Closer to home, a Harris County jury in January acquitted a Baytown police officer accused of assaulting a 59-year-old woman by zapping her with a Taser in July 2003. The woman has filed a lawsuit in Galveston federal court alleging she required 17 stitches after she was stunned unnecessarily and then thrown against a pole.
Taser International officials insist that their products have been proven to be safe by researchers around the world.
“In just the last 60 days there have been 19 in-custody deaths where no Taser was used at all,” said Mark Johnson, government affairs manager for the company. “In-custody deaths are nothing new; they continue to happen, unfortunately.”
Johnson said there is no evidence that the Tasers - which transmit 50,000 volts of electricity - have caused any deaths.
The shock lasts for five seconds, unless the user prolongs it by continuing to hold the trigger.
Johnson discounted the significance of the coroner’s ruling in Las Vegas. He pointed out that the coroner said the suspect’s PCP overdose and early stages of pneumonia were secondary causes of death, and only mentioned the Taser because he could not rule it out.
He said Tasers are well suited for subduing people who are on drugs or who are struggling with police, and that people with drug addictions often have heart problems that can become acute during physical exertion.

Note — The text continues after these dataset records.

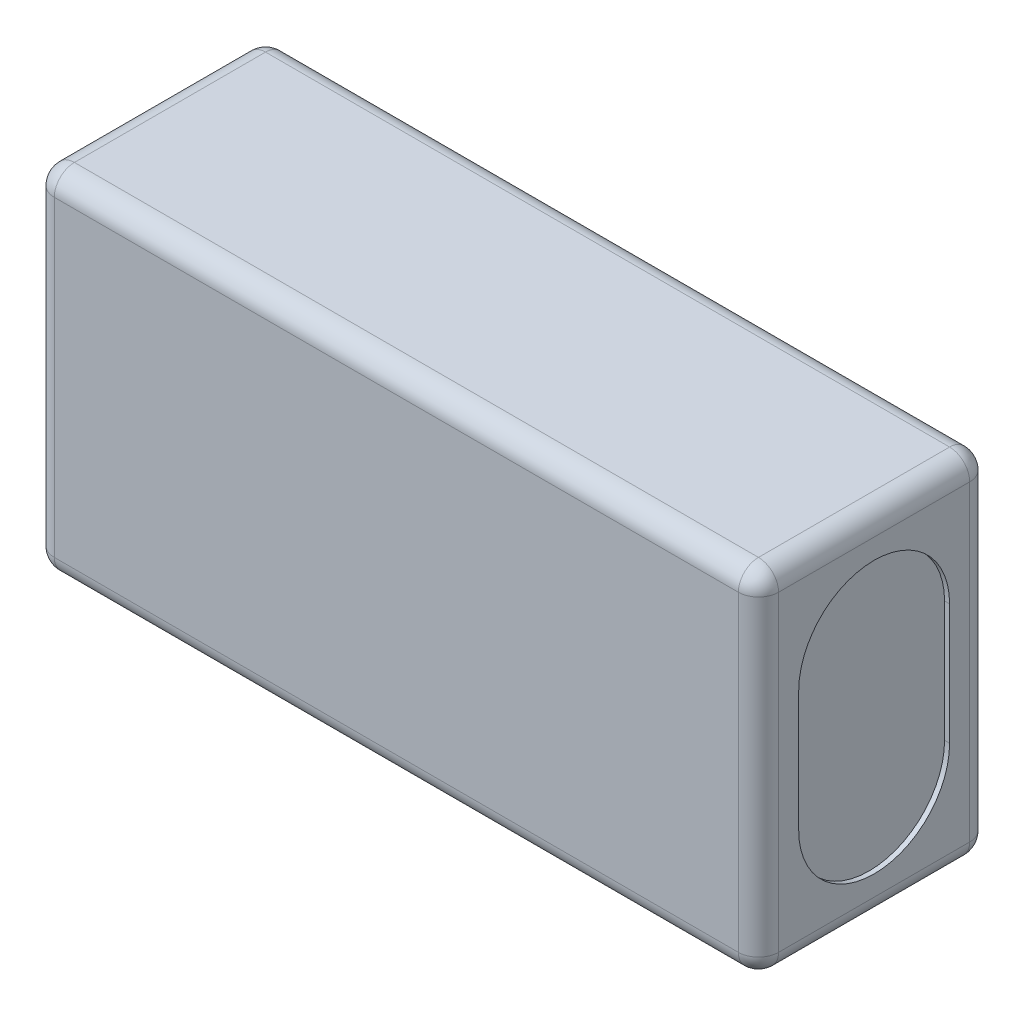
SolidWorks part; units mm, degrees
ref_plane "Plano frontal" through (0, 0, 0) normal (0, 0, 1) x (1, 0, 0)
ref_plane "Plano superior" through (0, 0, 0) normal (0, 1, 0) x (1, 0, 0)
ref_plane "Plano direito" through (0, 0, 0) normal (1, 0, 0) x (0, 0, -1)
sketch "Esboço1" plane through (0, 0, 0) normal (0, 0, 1) x (1, 0, 0)
  line L1 (-36, 17.5) -> (36, 17.5)
  line L2 (-36, 17.5) -> (-36, -17.5)
  line L3 (-36, -17.5) -> (36, -17.5)
  line L4 (36, 17.5) -> (36, -17.5)
  line L5 (-36, 17.5) -> (36, -17.5) construction
  line L6 (-36, -17.5) -> (36, 17.5) construction
  point P0 (0, 0)
  dimension "D1" = 72
  dimension "D2" = 35
extrude "Ressalto-extrusão1" add sketch "Esboço1" along normal blind 23
sketch "Esboço2" plane through (36, 0, 0) normal (1, 0, 0) x (0, 0, -1)
  line L0 (-11.5, 17.5) -> (-11.5, -17.5) construction
  line L1 (-23, 17.5) -> (0, 17.5) construction
  line L2 (-23, -17.5) -> (0, -17.5) construction
  line L3 (0, 0) -> (-23, 0) construction
  line L4 (-23, -17.5) -> (-23, 17.5) construction
  line L5 (-11.5, 6) -> (-11.5, -6) construction
  line L6 (-4, 6) -> (-4, -6)
  line L7 (-19, 6) -> (-19, -6)
  arc A0 (-4, 6) -> (-19, 6) centre (-11.5, 6) ccw
  arc A1 (-19, -6) -> (-4, -6) centre (-11.5, -6) ccw
  point P13 (-11.5, 0)
  dimension "D1" = 12
  dimension "D2" = 15
extrude "Corte-extrusão1" cut sketch "Esboço2" against normal blind 0.5
mirror "Espelhar1" about plane through (0, 0, 0) normal (1, 0, 0) of "Corte-extrusão1"
fillet "Filete1" radius 2 12 edges at (-36, -17.5, 11.5) (36, -17.5, 11.5) (-36, 0, 0) (0, -17.5, 0) (36, 0, 0) (36, 17.5, 11.5) (-36, 17.5, 11.5) (0, 17.5, 0) (0, -17.5, 23) (-36, 0, 23) (0, 17.5, 23) (36, 0, 23)

Johnson said any device can be abused by police, but pointed out that his company’s Tasers record all firings on a microchip so officers can be held accountable.
Johnson said that based on the assumption that police report one out of five Taser firings, there have been 17,000 Taser firings since 1999. The company has received reports of 398 lives saved, and has estimated the actual number to be 1,990.
HPD officials have told City Council members that the department will not allow use of Tasers against suspects with guns, because the shock might cause the suspect to fire the gun. Otherwise, HPD officers will be allowed to use their discretion in deciding when to fire Tasers, but they will not be allowed to use them during interrogations.
HPD will provide officers with four hours of training and will investigate all Taser firings.
Councilwoman Ada Edwards has said she is concerned about the safety of Tasers and whether they would be abused. She has asked Hurtt to provide her with statistics on how Tasers can save lives so she can discuss the matter with her constituents.
HPD bought 15 new Tasers last month for training purposes, and has 150 Tasers that were manufactured in 1974. HPD first purchased Tasers in 1982, after police shot a 22-year-old former mental patient who lunged at them with a knife. HPD never had more than a few hundred of the older Tasers at one time, and reported mixed results with them because they were sometimes ineffective.
The older and bulkier Tasers fire up to 15 feet, whereas the new Tasers are more than 90 percent accurate up to 21 feet.
LATEST GENERATION OF TASERS:
Darts propelled by nitrogen cartridge are accurate up to 21 feet and deliver a debilitating 50,000-volt shock.
Used by 4,500 police agencies nationwide.
Houston is considering purchasing 3,600 of the X26, which would be the most of any department in the country.